Are you having a problem of loosing the bonding screw that came with the panel?



> *200.2 General.*
> Grounded conductors shall comply with 200.2(A) and (B).
> *(A)Insulation.*
> The grounded conductor, if insulated, shall have insulation that is (1) suitable, other than color, for any ungrounded conductor of the same circuit for systems of 1000 volts or less, or impedance grounded neutral systems of over 1000 volts, or (2) rated not less than 600 volts for solidly grounded neutral systems of over 1000 volts as described in250.184(A).
> ...


----------



## Nutmegger777 (Mar 14, 2014)

cabletie said:


> I think the intention of your question is different than the code article that you are referring to.
> 
> Are you having a problem of loosing the bonding screw that came with the panel?


Referring to this picture, for instance... 
Wondering if, theoretically, this kind of a situation can be remedied by a field-installed jumper, rather than consolidating the conductors on the busbar in the upper right.


----------



## cabletie (Feb 12, 2011)

Probably not. Now the current flow has two paths. One is the conductor the other is the can.


----------



## backstay (Feb 3, 2011)

Nutmegger777 said:


> Referring to this picture, for instance...
> Wondering if, theoretically, this kind of a situation can be remedied by a field-installed jumper, rather than consolidating the conductors on the busbar in the upper right.


Yes, as long as the conductor is large enough for the intended load. It's really no different than running a four wire sub panel.


----------



## Nutmegger777 (Mar 14, 2014)

cabletie said:


> Probably not. Now the current flow has two paths. One is the conductor the other is the can.


Right... if that's the case, what article does it violate though?


----------



## cabletie (Feb 12, 2011)

250.6 (A) Possibly this would be the article?



> *250.6 Objectionable Current.
> **A)Arrangement to Prevent Objectionable Current.*
> The grounding of electrical systems, *circuit conductors*, surge arresters, surge-protective devices, and conductive normally non–current-carrying metal parts of equipment shall be installed and arranged in a manner that will prevent objectionable current.
> *(B)Alterations to Stop Objectionable Current.*
> ...


----------



## Dennis Alwon (May 9, 2009)

I disagree that the install is not compliant. The neutral conductor and bar are grounded to the can. Many panels GE for one, comes with a large bar that attaches the 2 bars. This is no different than adding a bar and installing an appropriately sized jumper


----------



## Dennis Alwon (May 9, 2009)

Btw, objectionable current is there every time you install a meter base with metal conduit attached to the service disconnect enclosure


----------



## cabletie (Feb 12, 2011)

Dennis Alwon said:


> I disagree that the install is not compliant. The neutral conductor and bar are grounded to the can. Many panels GE for one, comes with a large bar that attaches the 2 bars. This is no different than adding a bar and installing an appropriately sized jumper


I'm not sure if I'm thinking of the same panel, but the ones I've seen have two bars down each side.
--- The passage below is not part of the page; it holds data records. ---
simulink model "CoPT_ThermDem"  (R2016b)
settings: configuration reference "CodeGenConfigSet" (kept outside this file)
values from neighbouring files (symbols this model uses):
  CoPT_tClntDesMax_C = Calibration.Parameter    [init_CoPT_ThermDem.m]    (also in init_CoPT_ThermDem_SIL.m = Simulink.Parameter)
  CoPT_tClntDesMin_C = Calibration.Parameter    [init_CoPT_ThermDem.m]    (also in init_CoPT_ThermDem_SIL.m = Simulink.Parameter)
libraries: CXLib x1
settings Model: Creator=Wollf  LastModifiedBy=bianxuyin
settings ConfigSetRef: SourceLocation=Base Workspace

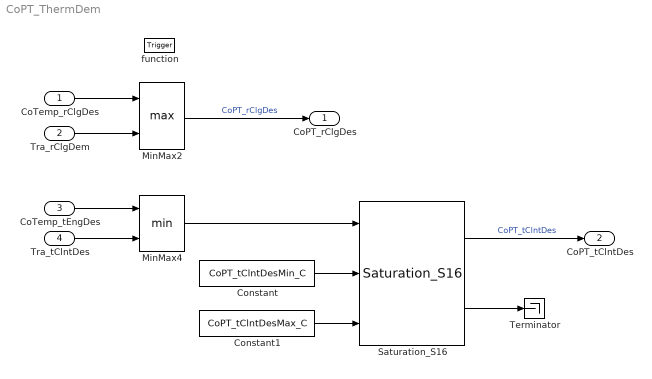
== system CoPT_ThermDem ==
  CoTemp_rClgDes : Inport  Tag=%  Description=Cooling requirement of the combustion engine  OutMin=-300  OutMax=300  OutDataTypeStr=Prc_100_rate
  Tra_rClgDem : Inport  Tag=%  Description=Relative fan cooling capacity  Port=2  OutMin=-300  OutMax=300  OutDataTypeStr=Prc_100_rate
  CoTemp_tEngDes : Inport  Tag=deg  Description=Coolant temperature of combustion engine  Port=3  OutMin=-3549  OutMax=3003  OutDataTypeStr=Temp_deg
  Tra_tClntDes : Inport  Tag=deg  Description=Coolant temperature - Set point value  Port=4  OutMin=-150  OutMax=150  OutDataTypeStr=Temp_deg
  function : TriggerPort  TriggerType=function-call  VariantControl=Variant
  Constant : Constant  Value=CoPT_tClntDesMin_C
  Constant1 : Constant  Value=CoPT_tClntDesMax_C
  MinMax2 : MinMax  Function=max  Inputs=2  InputSameDT=on
  MinMax4 : MinMax  Inputs=2  InputSameDT=on
  Saturation_S16 : CXLib/Saturation_S16
  Terminator : Terminator
  CoPT_rClgDes : Outport  Tag=%  Description=Whole cool demand of the impulse rope for the ventilator  OutMin=-300  OutMax=300  OutDataTypeStr=Prc_100_rate
  CoPT_tClntDes : Outport  Tag=deg  Description=Desired coolent temperature of the impulse rope  Port=2  OutMin=-150  OutMax=150  OutDataTypeStr=Temp_deg
  wires:
  CoTemp_tEngDes/1 -> MinMax4/1
  MinMax4/1 -> Saturation_S16/1
  MinMax2/1 -> CoPT_rClgDes/1  "CoPT_rClgDes"
  Tra_rClgDem/1 -> MinMax2/2
  CoTemp_rClgDes/1 -> MinMax2/1
  Tra_tClntDes/1 -> MinMax4/2
  Saturation_S16/1 -> CoPT_tClntDes/1  "CoPT_tClntDes"
  Constant/1 -> Saturation_S16/2
  Constant1/1 -> Saturation_S16/3
  Saturation_S16/2 -> Terminator/1
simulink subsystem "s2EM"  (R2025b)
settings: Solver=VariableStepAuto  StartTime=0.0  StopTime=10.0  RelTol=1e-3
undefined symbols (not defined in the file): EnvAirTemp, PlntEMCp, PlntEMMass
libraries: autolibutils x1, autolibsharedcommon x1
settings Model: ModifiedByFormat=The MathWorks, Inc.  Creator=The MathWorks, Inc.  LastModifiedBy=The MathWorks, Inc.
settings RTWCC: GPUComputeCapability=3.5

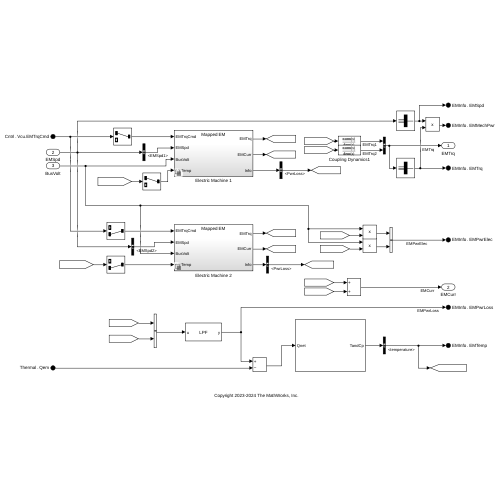
[thumbnail: Simulink's stored preview of the top-level diagram]
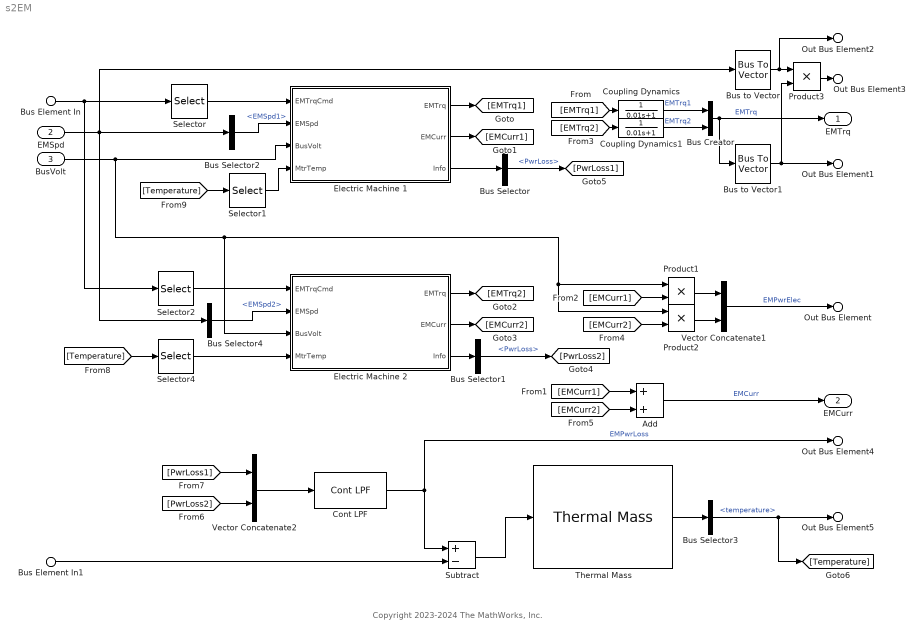
== system s2EM ==
  note: Copyright 2023-2024 The MathWorks, Inc.
  Bus Element In : Inport  PortName=Cntrl  Element=Vcu.EMTrqCmd
  EMSpd : Inport  Port=2
  BusVolt : Inport  Port=3
  Bus Element In1 : Inport  Port=4  PortName=Thermal  Element=Qem
  Add : Sum
  Bus Creator : BusCreator  Inputs=2
  Bus Selector : BusSelector  OutputSignals=PwrLoss
  Bus Selector1 : BusSelector  OutputSignals=PwrLoss
  Bus Selector2 : BusSelector  OutputSignals=EMSpd1
  Bus Selector3 : BusSelector  OutputSignals=temperature
  Bus Selector4 : BusSelector  OutputSignals=EMSpd2
  Bus to Vector : BusToVector
  Bus to Vector1 : BusToVector
  Cont LPF : autolibutils/Cont LPF  wc=1  AbsoluteTolerance=auto  aMode=6
  Coupling Dynamics : TransferFcn  Denominator=[0.01 1]
  Coupling Dynamics1 : TransferFcn  Denominator=[0.01 1]
  Electric Machine 1 : Subsystem  Variant=on  VariantControlMode=label  LabelModeActiveChoice=Mapped EM
  Electric Machine 2 : Subsystem  Variant=on  VariantControlMode=label  LabelModeActiveChoice=Mapped EM
  Product1 : Product
  Product2 : Product
  Product3 : Product
  Selector : Selector  InputPortWidth=2  IndexOptions=Index vector (dialog)  Indices=[1]  OutputSizes=1
  Selector1 : Selector  InputPortWidth=2  IndexOptions=Index vector (dialog)  Indices=[1]  OutputSizes=1
  Selector2 : Selector  InputPortWidth=2  IndexOptions=Index vector (dialog)  Indices=[2]  OutputSizes=1
  Selector4 : Selector  InputPortWidth=2  IndexOptions=Index vector (dialog)  Indices=[2]  OutputSizes=1
  Subtract : Sum  Inputs=+-
  Thermal Mass : autolibsharedcommon/Thermal Mass  MassOrVol=Mass  Mass=PlntEMMass*ones(1,2)  Volume=10  Rho=997  HeatCp=PlntEMCp*ones(1,2)  HeatBrkPts=PlntBattCpBpt  Tinit=EnvAirTemp*ones(1,2)  aMode=6
  Vector Concatenate1 : Concatenate
  Vector Concatenate2 : Concatenate
  EMTrq : Outport
  EMCurr : Outport  Port=2
  Out Bus Element : Outport  Port=3  PortName=EMInfo  Element=EMPwrElec
  Out Bus Element1 : Outport  Port=3  PortName=EMInfo  Element=EMTrq
  Out Bus Element2 : Outport  Port=3  PortName=EMInfo  Element=EMSpd
  Out Bus Element3 : Outport  Port=3  PortName=EMInfo  Element=EMMechPwr
  Out Bus Element4 : Outport  Port=3  PortName=EMInfo  Element=EMPwrLoss
  Out Bus Element5 : Outport  Port=3  PortName=EMInfo  Element=EMTemp
  wires:
  Electric Machine 2/2(EMCurr) -> [EMCurr2]
  Electric Machine 2/1(EMTrq) -> [EMTrq2]
  [EMCurr2] -> Add/2
  [EMCurr2] -> Product2/2
  [EMTrq2] -> Coupling Dynamics1/1
  [EMCurr1] -> Product1/2
  [EMCurr1] -> Add/1
  Electric Machine 1/2(EMCurr) -> [EMCurr1]
  [EMTrq1] -> Coupling Dynamics/1
  Electric Machine 1/1(EMTrq) -> [EMTrq1]
  Selector/1 -> Electric Machine 1/1(EMTrqCmd)
  Add/1 -> EMCurr/1  "EMCurr"
  Selector2/1 -> Electric Machine 2/1(EMTrqCmd)
  Coupling Dynamics1/1 -> Bus Creator/2  "EMTrq2"
  Product2/1 -> Vector Concatenate1/2
  Product1/1 -> Vector Concatenate1/1
  Bus Element In/1 -> Selector/1, Selector2/1
  Vector Concatenate1/1 -> Out Bus Element/1  "EMPwrElec"
  Coupling Dynamics/1 -> Bus Creator/1  "EMTrq1"
  BusVolt/1 -> Electric Machine 1/3(BusVolt), Electric Machine 2/3(BusVolt), Product2/1, Product1/1
  Bus Creator/1 -> Bus to Vector1/1, EMTrq/1  "EMTrq"
  Electric Machine 1/3(Info) -> Bus Selector/1
  Electric Machine 2/3(Info) -> Bus Selector1/1
  Bus Selector1/1 -> [PwrLoss2]  "<PwrLoss>"
  Bus Selector/1 -> [PwrLoss1]  "<PwrLoss>"
  [PwrLoss2] -> Vector Concatenate2/2
  [PwrLoss1] -> Vector Concatenate2/1
  Cont LPF/1 -> Out Bus Element4/1, Subtract/1  "EMPwrLoss"
  Vector Concatenate2/1 -> Cont LPF/1
  Thermal Mass/1 -> Bus Selector3/1
  Bus Selector3/1 -> [Temperature], Out Bus Element5/1  "<temperature>"
  EMSpd/1 -> Bus Selector2/1, Bus Selector4/1, Bus to Vector/1
  Product3/1 -> Out Bus Element3/1
  Bus to Vector/1 -> Out Bus Element2/1, Product3/1
  Bus to Vector1/1 -> Out Bus Element1/1, Product3/2
  Bus Selector2/1 -> Electric Machine 1/2(EMSpd)  "<EMSpd1>"
  Bus Selector4/1 -> Electric Machine 2/2(EMSpd)  "<EMSpd2>"
  Selector1/1 -> Electric Machine 1/4(MtrTemp)
  Selector4/1 -> Electric Machine 2/4(MtrTemp)
  Subtract/1 -> Thermal Mass/1
  Bus Element In1/1 -> Subtract/2
  [Temperature] -> Selector4/1
  [Temperature] -> Selector1/1

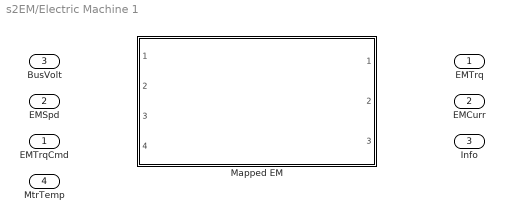
== system s2EM/Electric Machine 1 ==
  EMTrqCmd : Inport
  EMSpd : Inport  Port=2
  BusVolt : Inport  Port=3
  MtrTemp : Inport  Port=4
  Mapped EM : Subsystem  VariantControl=Mapped EM  ReferencedSubsystem=ElectricMachine1
  EMTrq : Outport  VectorParamsAs1DForOutWhenUnconnected=off
  EMCurr : Outport  Port=2  VectorParamsAs1DForOutWhenUnconnected=off
  Info : Outport  Port=3

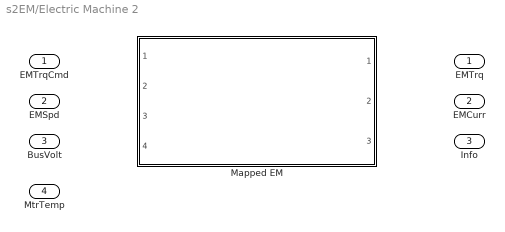
== system s2EM/Electric Machine 2 ==
  EMTrqCmd : Inport
  EMSpd : Inport  Port=2
  BusVolt : Inport  Port=3
  MtrTemp : Inport  Port=4
  Mapped EM : Subsystem  VariantControl=Mapped EM  ReferencedSubsystem=ElectricMachine2
  EMTrq : Outport  VectorParamsAs1DForOutWhenUnconnected=off
  EMCurr : Outport  Port=2  VectorParamsAs1DForOutWhenUnconnected=off
  Info : Outport  Port=3

Both bars are isolated from ground. One bar gets the bond screw, and both bars are connected together with a bar across the top. This is different than the picture that Nutmegger777 linked to. 

In the picture adding a wire jumper would essentially be adding another main bonding jumper. In this situation moving the neutral conductor to the proper bar would be the right fix. 

Yes it is common for the meter socket to be grounded through the neutral and have a ground loop with a metallic raceway. It's pretty much unavoidable and excepted, not to mention outside the scope of the NEC.


----------



## Dennis Alwon (May 9, 2009)

With a jumper between the bars in the picture what is the difference between that and the panel board you describe


----------



## cabletie (Feb 12, 2011)

The difference would be one would only have one main bonding jumper. The one in the picture would have two. 

To take it to extremes, what would happen if I landed all the grounds on the neutral bar with the main bonding jumper,and all the neutrals on the ground bar. Would it pass if I added a wire jumper between the two?


----------



## Rodger (Jan 3, 2017)

Dennis Alwon said:


> With a jumper between the bars in the picture what is the difference between that and the panel board you describe


In the GE panel the current form the second bus bar does not have a path through the enclosure to get back the the service neutral. In your scenario it would.


----------



## Dennis Alwon (May 9, 2009)

Rodger said:


> In the GE panel the current form the second bus bar does not have a path through the enclosure to get back the the service neutral. In your scenario it would.


Yes, it would if you used a ground bar instead of a neutral bar. I was assuming a neutral bar with a jumper but I realized way back that the op was using a ground bar.


----------